Missing Time sur D.947 (LDLN 305).

« Je ne sais pas ce qui m’est arrivé… » 

Par une nuit du début de l’été 1976, Claude Damman conduisait un petit camion (Mercedes 206D, à moteur diesel de 9 ch), dans le nord de la France. Il rentrait chez lui.

A la limite sud de Steenvoorde, il s’apprêtait à quitter la D 948 pour prendre, sur sa gauche, la D 947, en direction du sud. C’est alors qu’il distingua dans le ciel, en direction de l’ouest-sud-ouest, une lueur qui lui parut tout-à-fait anormale. Après le carrefour, il continua à observer cette lueur, sur sa droite. Cela se rapprochait légèrement, en descendant. Il chercha à comprendre, et pensa à la lueur des hauts-fourneaux. Mais ce n’était pas ça. Il voyait bien que ce n’était pas ça.

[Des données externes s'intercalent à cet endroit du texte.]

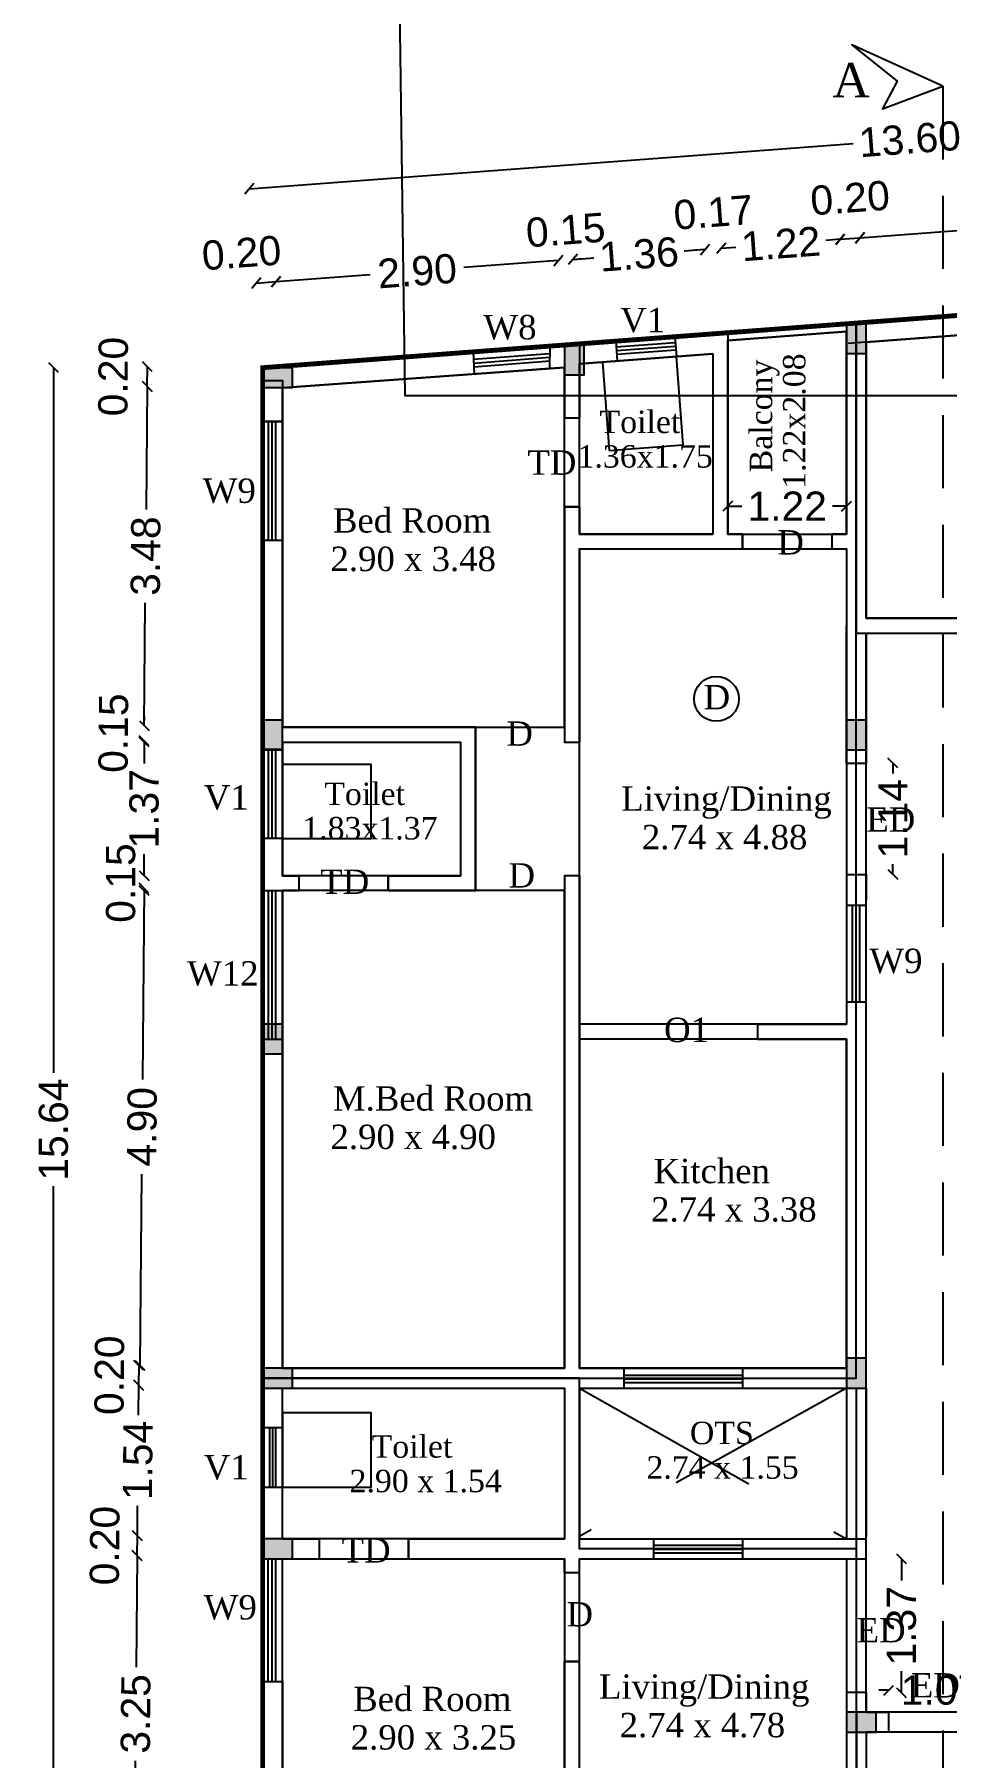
# Model space of a CAD drawing. Header units: metres. Extents: x -5144 to -5005, y 5368 to 5469.
# Drawn here: x -5098.01 to -5088.65, y 5404.16 to 5421.84 of the extents above; entities that cross this region are included whole.
import ezdxf

# ---------------------------------------------------------------- set-up
doc = ezdxf.new("R2010")
doc.units = ezdxf.units.M
doc.header["$MEASUREMENT"] = 0
for name, pattern in [('DASHED2', [0.375, 0.25, -0.125]), ('HIDDEN', [0.375, 0.25, -0.125]), ('PHANTOM2', [1.25, 0.625, -0.125, 0.125, -0.125, 0.125, -0.125])]:
    doc.linetypes.add(name, pattern=pattern)
for name, color, linetype in [('$TD_AUDIT_GENERATED_(C9D)', 154, 'Continuous'), ('BLK_1_FLR_1_BALCONY_4', 5, 'Continuous'), ('BLK_1_FLR_1_BLT_UP_AREA', 3, 'Continuous'), ('BLK_1_FLR_1_BLT_UP_AREA_DEDUCT', 3, 'Continuous'), ('BLK_1_FLR_1_CARPET_AREA', 3, 'Continuous'), ('BLK_1_FLR_1_EXIT_WIDTH_DOOR', 2, 'Continuous'), ('BLK_1_FLR_1_KITCHEN', 1, 'Continuous'), ('BLK_1_FLR_1_UNITFA_1', 234, 'Continuous'), ('BLK_1_FLR_1_UNITFA_2', 234, 'Continuous'), ('BLK_1_FLR_1_UNITFA_3', 234, 'Continuous'), ('BLK_1_FLR_1_UNITFA_4', 234, 'Continuous'), ('BLK_1_FLR_1_WC_BATH', 3, 'Continuous'), ('ELEVATION 2', 150, 'Continuous'), ('SURRENDER_ROAD_WIDTH', 2, 'Continuous'), ('TOILET_VENTILATION', 3, 'Continuous'), ('WALL', 30, 'Continuous')]:
    doc.layers.add(name, color=color, linetype=linetype)
doc.layers.add('BLK_1_FLR_1_REGULAR_ROOM', color=1, linetype='Continuous', plot=False)
doc.layers.add('ROAD_WIDTH', color=1, linetype='Continuous', plot=False)
doc.styles.get("Standard").update_dxf_attribs({"font": 'arial.ttf'})
doc.styles.add('style5', font='times.ttf')
doc.dimstyles.get("Standard").update_dxf_attribs({"dimtxt": 0.3, "dimasz": 0.1, "dimexe": 0.18, "dimexo": 0.0625, "dimgap": 0.09, "dimtad": 0, "dimzin": 0, "dimdsep": 46, "dimtxsty": 'Standard', "dimblk": 'OBLIQUE', "dimcen": 0.09, "dimse1": 1, "dimse2": 1, "dimclrt": 256, "dimadec": 0, "dimazin": 0, "dimtfac": 1, "dimtix": 1, "dimtofl": 0, "dimtmove": 1, "dimatfit": 3, "dimfxl": 0, "dimtolj": 1, "dimtzin": 0, "dimarcsym": 0})

# ---------------------------------------------------------------- blocks, each defined once
blk = doc.blocks.new('_OBLIQUE')
at = {"color": 0, "linetype": 'ByBlock'}
blk.add_line((-0.5, -0.5), (0.5, 0.5), dxfattribs=at)
blk = doc.blocks.new('*D24')
at = {"layer": 'BLK_1_FLR_1_BALCONY_4', "color": 0, "lineweight": -2}
for p, q in [((-5090.892, 5416.998), (-5090.746, 5416.998)), ((-5089.673, 5416.998), (-5089.818, 5416.998))]:
    blk.add_line(p, q, dxfattribs=at)
at = {"layer": 'Defpoints', "color": 0}
for p in [(-5090.892, 5416.94), (-5089.673, 5416.998), (-5089.673, 5416.94)]:
    blk.add_point(p, dxfattribs=at)
at = {"layer": 'BLK_1_FLR_1_BALCONY_4', "color": 0, "lineweight": -2, "xscale": 0.1, "yscale": 0.1, "zscale": 0.1, "rotation": 180}
blk.add_blockref('_OBLIQUE', (-5090.892, 5416.998), dxfattribs=at)
at = {"layer": 'BLK_1_FLR_1_BALCONY_4', "color": 0, "lineweight": -2, "xscale": 0.1, "yscale": 0.1, "zscale": 0.1}
blk.add_blockref('_OBLIQUE', (-5089.673, 5416.998), dxfattribs=at)
at = {"layer": 'BLK_1_FLR_1_BALCONY_4', "insert": (-5090.282, 5416.998), "char_height": 0.3, "attachment_point": 5}
blk.add_mtext('\\A1;1.22', dxfattribs=at)
blk = doc.blocks.new('*D134')
at = {"color": 0, "lineweight": -2}
blk.add_line((-5095.732, 5419.286), (-5095.529, 5419.302), dxfattribs=at)
at = {"layer": 'Defpoints', "color": 0}
for p in [(-5095.529, 5419.302), (-5095.667, 5418.419), (-5095.464, 5418.434)]:
    blk.add_point(p, dxfattribs=at)
at = {"color": 0, "lineweight": -2, "xscale": 0.1, "yscale": 0.1, "zscale": 0.1}
for p, rotation in [((-5095.732, 5419.286), 184.2965670439023), ((-5095.529, 5419.302), 4.296567043902277)]:
    blk.add_blockref('_OBLIQUE', p, dxfattribs=dict(at, rotation=rotation))
at = {"insert": (-5095.884, 5419.596), "char_height": 0.3, "attachment_point": 5, "rotation": 4.2966}
blk.add_mtext('\\A1;0.20', dxfattribs=at)
blk = doc.blocks.new('*D68')
at = {"color": 0, "lineweight": -2}
for p, q in [((-5092.633, 5419.519), (-5093.601, 5419.446)), ((-5095.529, 5419.302), (-5094.562, 5419.374))]:
    blk.add_line(p, q, dxfattribs=at)
at = {"layer": 'Defpoints', "color": 0}
for p in [(-5092.633, 5419.519), (-5092.568, 5418.652), (-5095.464, 5418.434)]:
    blk.add_point(p, dxfattribs=at)
at = {"color": 0, "lineweight": -2, "xscale": 0.1, "yscale": 0.1, "zscale": 0.1}
for p, rotation in [((-5092.633, 5419.519), 4.296566833426183), ((-5095.529, 5419.302), 184.2965668334262)]:
    blk.add_blockref('_OBLIQUE', p, dxfattribs=dict(at, rotation=rotation))
at = {"insert": (-5094.081, 5419.41), "char_height": 0.3, "attachment_point": 5, "rotation": 4.2966}
blk.add_mtext('\\A1;2.90', dxfattribs=at)
blk = doc.blocks.new('*D135')
at = {"color": 0, "lineweight": -2}
for p, q in [((-5092.633, 5419.519), (-5092.733, 5419.512)), ((-5092.481, 5419.531), (-5092.381, 5419.538))]:
    blk.add_line(p, q, dxfattribs=at)
at = {"layer": 'Defpoints', "color": 0}
for p in [(-5092.481, 5419.531), (-5092.568, 5418.652), (-5092.416, 5418.663)]:
    blk.add_point(p, dxfattribs=at)
at = {"color": 0, "lineweight": -2, "xscale": 0.1, "yscale": 0.1, "zscale": 0.1}
for p, rotation in [((-5092.633, 5419.519), 4.296566833426203), ((-5092.481, 5419.531), 184.2965668334262)]:
    blk.add_blockref('_OBLIQUE', p, dxfattribs=dict(at, rotation=rotation))
at = {"insert": (-5092.557, 5419.831), "char_height": 0.3, "attachment_point": 5, "rotation": 4.2966}
blk.add_mtext('\\A1;0.15', dxfattribs=at)
blk = doc.blocks.new('*D136')
at = {"color": 0, "lineweight": -2}
for p, q in [((-5092.481, 5419.531), (-5092.267, 5419.547)), ((-5091.125, 5419.632), (-5091.339, 5419.616))]:
    blk.add_line(p, q, dxfattribs=at)
at = {"layer": 'Defpoints', "color": 0}
for p in [(-5091.125, 5419.632), (-5092.416, 5418.663), (-5091.044, 5418.562)]:
    blk.add_point(p, dxfattribs=at)
at = {"color": 0, "lineweight": -2, "xscale": 0.1, "yscale": 0.1, "zscale": 0.1}
for p, rotation in [((-5091.125, 5419.632), 4.296566833426183), ((-5092.481, 5419.531), 184.2965668334262)]:
    blk.add_blockref('_OBLIQUE', p, dxfattribs=dict(at, rotation=rotation))
at = {"insert": (-5091.803, 5419.582), "char_height": 0.3, "attachment_point": 5, "rotation": 4.2966}
blk.add_mtext('\\A1;1.36', dxfattribs=at)
blk = doc.blocks.new('*D137')
at = {"color": 0, "lineweight": -2}
for p, q in [((-5091.125, 5419.632), (-5091.224, 5419.625)), ((-5090.957, 5419.645), (-5090.857, 5419.653))]:
    blk.add_line(p, q, dxfattribs=at)
at = {"layer": 'Defpoints', "color": 0}
for p in [(-5090.957, 5419.645), (-5090.892, 5418.778), (-5091.044, 5418.562)]:
    blk.add_point(p, dxfattribs=at)
at = {"color": 0, "lineweight": -2, "xscale": 0.1, "yscale": 0.1, "zscale": 0.1}
for p, rotation in [((-5091.125, 5419.632), 4.296566833426203), ((-5090.957, 5419.645), 184.2965668334262)]:
    blk.add_blockref('_OBLIQUE', p, dxfattribs=dict(at, rotation=rotation))
at = {"insert": (-5091.041, 5420.012), "char_height": 0.3, "attachment_point": 5, "rotation": 4.2966}
blk.add_mtext('\\A1;0.17', dxfattribs=at)
blk = doc.blocks.new('*D138')
at = {"color": 0, "lineweight": -2}
for p, q in [((-5089.738, 5419.737), (-5089.885, 5419.726)), ((-5090.957, 5419.645), (-5090.81, 5419.656))]:
    blk.add_line(p, q, dxfattribs=at)
at = {"layer": 'Defpoints', "color": 0}
for p in [(-5089.738, 5419.737), (-5089.673, 5418.869), (-5090.892, 5418.778)]:
    blk.add_point(p, dxfattribs=at)
at = {"color": 0, "lineweight": -2, "xscale": 0.1, "yscale": 0.1, "zscale": 0.1}
for p, rotation in [((-5090.957, 5419.645), 184.2965668334262), ((-5089.738, 5419.737), 4.296566833426183)]:
    blk.add_blockref('_OBLIQUE', p, dxfattribs=dict(at, rotation=rotation))
at = {"insert": (-5090.347, 5419.691), "char_height": 0.3, "attachment_point": 5, "rotation": 4.2966}
blk.add_mtext('\\A1;1.22', dxfattribs=at)
blk = doc.blocks.new('*D53')
at = {"color": 0, "lineweight": -2}
blk.add_line((-5089.738, 5419.737), (-5089.535, 5419.752), dxfattribs=at)
at = {"layer": 'Defpoints', "color": 0}
for p in [(-5089.535, 5419.752), (-5089.673, 5418.869), (-5089.47, 5418.884)]:
    blk.add_point(p, dxfattribs=at)
at = {"color": 0, "lineweight": -2, "xscale": 0.1, "yscale": 0.1, "zscale": 0.1}
for p, rotation in [((-5089.738, 5419.737), 184.2965668334262), ((-5089.535, 5419.752), 4.296566833426183)]:
    blk.add_blockref('_OBLIQUE', p, dxfattribs=dict(at, rotation=rotation))
at = {"insert": (-5089.636, 5420.16), "char_height": 0.3, "attachment_point": 5, "rotation": 4.2966}
blk.add_mtext('\\A1;0.20', dxfattribs=at)
blk = doc.blocks.new('*D54')
at = {"color": 0, "lineweight": -2}
for p, q in [((-5086.487, 5419.981), (-5087.533, 5419.902)), ((-5089.535, 5419.752), (-5088.489, 5419.831))]:
    blk.add_line(p, q, dxfattribs=at)
at = {"layer": 'Defpoints', "color": 0}
for p in [(-5086.487, 5419.981), (-5086.422, 5419.113), (-5089.47, 5418.884)]:
    blk.add_point(p, dxfattribs=at)
at = {"color": 0, "lineweight": -2, "xscale": 0.1, "yscale": 0.1, "zscale": 0.1}
for p, rotation in [((-5086.487, 5419.981), 4.296566833426183), ((-5089.535, 5419.752), 184.2965668334262)]:
    blk.add_blockref('_OBLIQUE', p, dxfattribs=dict(at, rotation=rotation))
at = {"insert": (-5088.011, 5419.866), "char_height": 0.3, "attachment_point": 5, "rotation": 4.2966}
blk.add_mtext('\\A1;3.06', dxfattribs=at)
blk = doc.blocks.new('*D100')
at = {"color": 0, "lineweight": -2}
for p, q in [((-5082.241, 5421.274), (-5088.443, 5420.808)), ((-5095.805, 5420.255), (-5089.603, 5420.721))]:
    blk.add_line(p, q, dxfattribs=at)
at = {"layer": 'Defpoints', "color": 0}
for p in [(-5095.805, 5420.255), (-5082.104, 5419.438), (-5095.667, 5418.419)]:
    blk.add_point(p, dxfattribs=at)
at = {"color": 0, "lineweight": -2, "xscale": 0.1, "yscale": 0.1, "zscale": 0.1}
for p, rotation in [((-5082.241, 5421.274), 4.296566836650583), ((-5095.805, 5420.255), 184.2965668366506)]:
    blk.add_blockref('_OBLIQUE', p, dxfattribs=dict(at, rotation=rotation))
at = {"insert": (-5089.023, 5420.765), "char_height": 0.3, "attachment_point": 5, "rotation": 4.2966}
blk.add_mtext('\\A1;13.60', dxfattribs=at)
blk = doc.blocks.new('*D60')
at = {"color": 0, "lineweight": -2}
blk.add_line((-5096.853, 5418.226), (-5096.851, 5418.429), dxfattribs=at)
at = {"layer": 'Defpoints', "color": 0}
for p in [(-5096.851, 5418.429), (-5095.665, 5418.419), (-5095.667, 5418.216)]:
    blk.add_point(p, dxfattribs=at)
at = {"color": 0, "lineweight": -2, "xscale": 0.1, "yscale": 0.1, "zscale": 0.1}
for p, rotation in [((-5096.851, 5418.429), 89.50668704736316), ((-5096.853, 5418.226), 269.5066870473631)]:
    blk.add_blockref('_OBLIQUE', p, dxfattribs=dict(at, rotation=rotation))
at = {"insert": (-5097.201, 5418.328), "char_height": 0.3, "attachment_point": 5, "rotation": 89.5067}
blk.add_mtext('\\A1;0.20', dxfattribs=at)
blk = doc.blocks.new('*D101')
at = {"color": 0, "lineweight": -2}
for p, q in [((-5096.853, 5418.226), (-5096.864, 5416.965)), ((-5096.883, 5414.745), (-5096.872, 5416.006))]:
    blk.add_line(p, q, dxfattribs=at)
at = {"layer": 'Defpoints', "color": 0}
for p in [(-5095.667, 5418.216), (-5096.883, 5414.745), (-5095.108, 5414.73)]:
    blk.add_point(p, dxfattribs=at)
at = {"color": 0, "lineweight": -2, "xscale": 0.1, "yscale": 0.1, "zscale": 0.1}
for p, rotation in [((-5096.853, 5418.226), 89.50668704736407), ((-5096.883, 5414.745), 269.5066870473641)]:
    blk.add_blockref('_OBLIQUE', p, dxfattribs=dict(at, rotation=rotation))
at = {"insert": (-5096.868, 5416.486), "char_height": 0.3, "attachment_point": 5, "rotation": 89.5067}
blk.add_mtext('\\A1;3.48', dxfattribs=at)
blk = doc.blocks.new('*D102')
at = {"color": 0, "lineweight": -2}
for p, q in [((-5096.883, 5414.745), (-5096.882, 5414.845)), ((-5096.884, 5414.592), (-5096.885, 5414.492))]:
    blk.add_line(p, q, dxfattribs=at)
at = {"layer": 'Defpoints', "color": 0}
for p in [(-5095.108, 5414.73), (-5096.884, 5414.592), (-5095.187, 5414.577)]:
    blk.add_point(p, dxfattribs=at)
at = {"color": 0, "lineweight": -2, "xscale": 0.1, "yscale": 0.1, "zscale": 0.1}
for p, rotation in [((-5096.883, 5414.745), 269.5066870473641), ((-5096.884, 5414.592), 89.5066870473641)]:
    blk.add_blockref('_OBLIQUE', p, dxfattribs=dict(at, rotation=rotation))
at = {"insert": (-5097.199, 5414.669), "char_height": 0.3, "attachment_point": 5, "rotation": 89.5067}
blk.add_mtext('\\A1;0.15', dxfattribs=at)
blk = doc.blocks.new('*D103')
at = {"color": 0, "lineweight": -2}
for p, q in [((-5096.884, 5413.077), (-5096.901, 5411.114)), ((-5096.926, 5408.18), (-5096.909, 5410.144))]:
    blk.add_line(p, q, dxfattribs=at)
at = {"layer": 'Defpoints', "color": 0}
for p in [(-5095.292, 5413.063), (-5096.926, 5408.18), (-5093.571, 5408.151)]:
    blk.add_point(p, dxfattribs=at)
at = {"color": 0, "lineweight": -2, "xscale": 0.1, "yscale": 0.1, "zscale": 0.1}
for p, rotation in [((-5096.884, 5413.077), 89.50668704736407), ((-5096.926, 5408.18), 269.5066870473641)]:
    blk.add_blockref('_OBLIQUE', p, dxfattribs=dict(at, rotation=rotation))
at = {"insert": (-5096.905, 5410.629), "char_height": 0.3, "attachment_point": 5, "rotation": 89.5067}
blk.add_mtext('\\A1;4.90', dxfattribs=at)
blk = doc.blocks.new('*D104')
at = {"color": 0, "lineweight": -2}
blk.add_line((-5096.939, 5408.18), (-5096.941, 5407.977), dxfattribs=at)
at = {"layer": 'Defpoints', "color": 0}
for p in [(-5093.571, 5408.151), (-5096.941, 5407.977), (-5093.571, 5407.948)]:
    blk.add_point(p, dxfattribs=at)
at = {"color": 0, "lineweight": -2, "xscale": 0.1, "yscale": 0.1, "zscale": 0.1}
for p, rotation in [((-5096.939, 5408.18), 89.50668704736407), ((-5096.941, 5407.977), 269.5066870473641)]:
    blk.add_blockref('_OBLIQUE', p, dxfattribs=dict(at, rotation=rotation))
at = {"insert": (-5097.24, 5408.079), "char_height": 0.3, "attachment_point": 5, "rotation": 89.5067}
blk.add_mtext('\\A1;0.20', dxfattribs=at)
blk = doc.blocks.new('*D105')
at = {"color": 0, "lineweight": -2}
for p, q in [((-5096.941, 5407.977), (-5096.944, 5407.67)), ((-5096.954, 5406.433), (-5096.952, 5406.74))]:
    blk.add_line(p, q, dxfattribs=at)
at = {"layer": 'Defpoints', "color": 0}
for p in [(-5093.571, 5407.948), (-5096.954, 5406.433), (-5092.971, 5406.399)]:
    blk.add_point(p, dxfattribs=at)
at = {"color": 0, "lineweight": -2, "xscale": 0.1, "yscale": 0.1, "zscale": 0.1}
for p, rotation in [((-5096.941, 5407.977), 89.50668704736407), ((-5096.954, 5406.433), 269.5066870473641)]:
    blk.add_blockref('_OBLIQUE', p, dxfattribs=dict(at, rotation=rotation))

Il s’arrêta prés d’un moulin à vent, qui se trouve sur le côté droit de la route, et il regarda. « Au début, dit-il, quand ça se rapprochait, c’était une lumière aux bords flous, mais quand ça s’est arrêté, les bords étaient nets; ça éclairé le sol en-dessous, et le moulin… ça éclairait jusqu’au camion.

La chose, de couleur uniformément orange-rouge, se trouvait alors à 120 ou 150 mètres de lui, et son fond, plat, n’était peut-être qu’à dix mètres du sol. Claude Damman était descendu de son camion, et s’était approché, mais pas trop. La chose était immobile, derrière le moulin. Cela dura un certain temps…

Au bout d’un moment, il revint au camion, décidé à partir. Lorsqu’il tourna la clé de contact, le moteur refusa de démarrer. C’était la première fois que cela se produisait! D’habitude, ce camion partait au premier tour de clé…

Le camion ne voulant rien savoir, Claude Damman en descendit, pour retourner voir la chose. Mais c’est alors qu’elle s’éloigna, dans la direction d’où elle était venue, assez lentement, en montant légèrement. Il revint donc au camion, et actionna à nouveau le démarreur. Le moteur partit du premier coup.

Tout cela avait étonné Claude Damman, bien sûr, mais ce qui l’étonna plus encore, ce fut de lire l’heure à une pendule, en rentrant chez lui: Il était plus de 2h du matin. C’était incompréhensible. Il aurait dû être beaucoup moins tard que ça, compte tenu de l’heure à laquelle il était passé à Steenvoorde, du temps qu’il se souvenait d’avoir observé le phénomène, et du nombre de kilomètres qu’il lui restait à parcourir.

« Là, j’ai pas compris », nous dit-il. « Je sais pas… J’ai eu comme un trou… Ce qui m’a frappé, c’est l’heure qu’il était quand je suis rentré, et puis ce camion qui n’a pas démarré…Quand je suis reparti, j’ai été un moment encore tout drôle, avec mon camion… »

Il confia son aventure à sa femme, mais insista pour qu’elle n’en parle à personne. Et pendant treize ans, personne ne sut rien de cette histoire. Un hasard, un hasard qui s’appelle Paulette Daudel, nous a permis de recueillir ses souvenirs, en 1989. Lui qui n’avait rien dit pendant treize ans, nous raconta toute l’histoire, dans une ambiance parfaitement détendue. Il avait compris (merci, Paulette!) que nous ne nous moquerions pas de lui, et j’eus même l’impression qu’il était soulagé de pouvoir raconter son aventure.

Ce genre d’aventure, depuis quelques années, porte un nom: cela s’appelle un missing time, autrement dit un trou de mémoire, mais un trou de mémoire lié à une rencontre rapprochée. De ce phénomène, nous ne connaissons que les apparences. Sa vraie nature nous échappe totalement.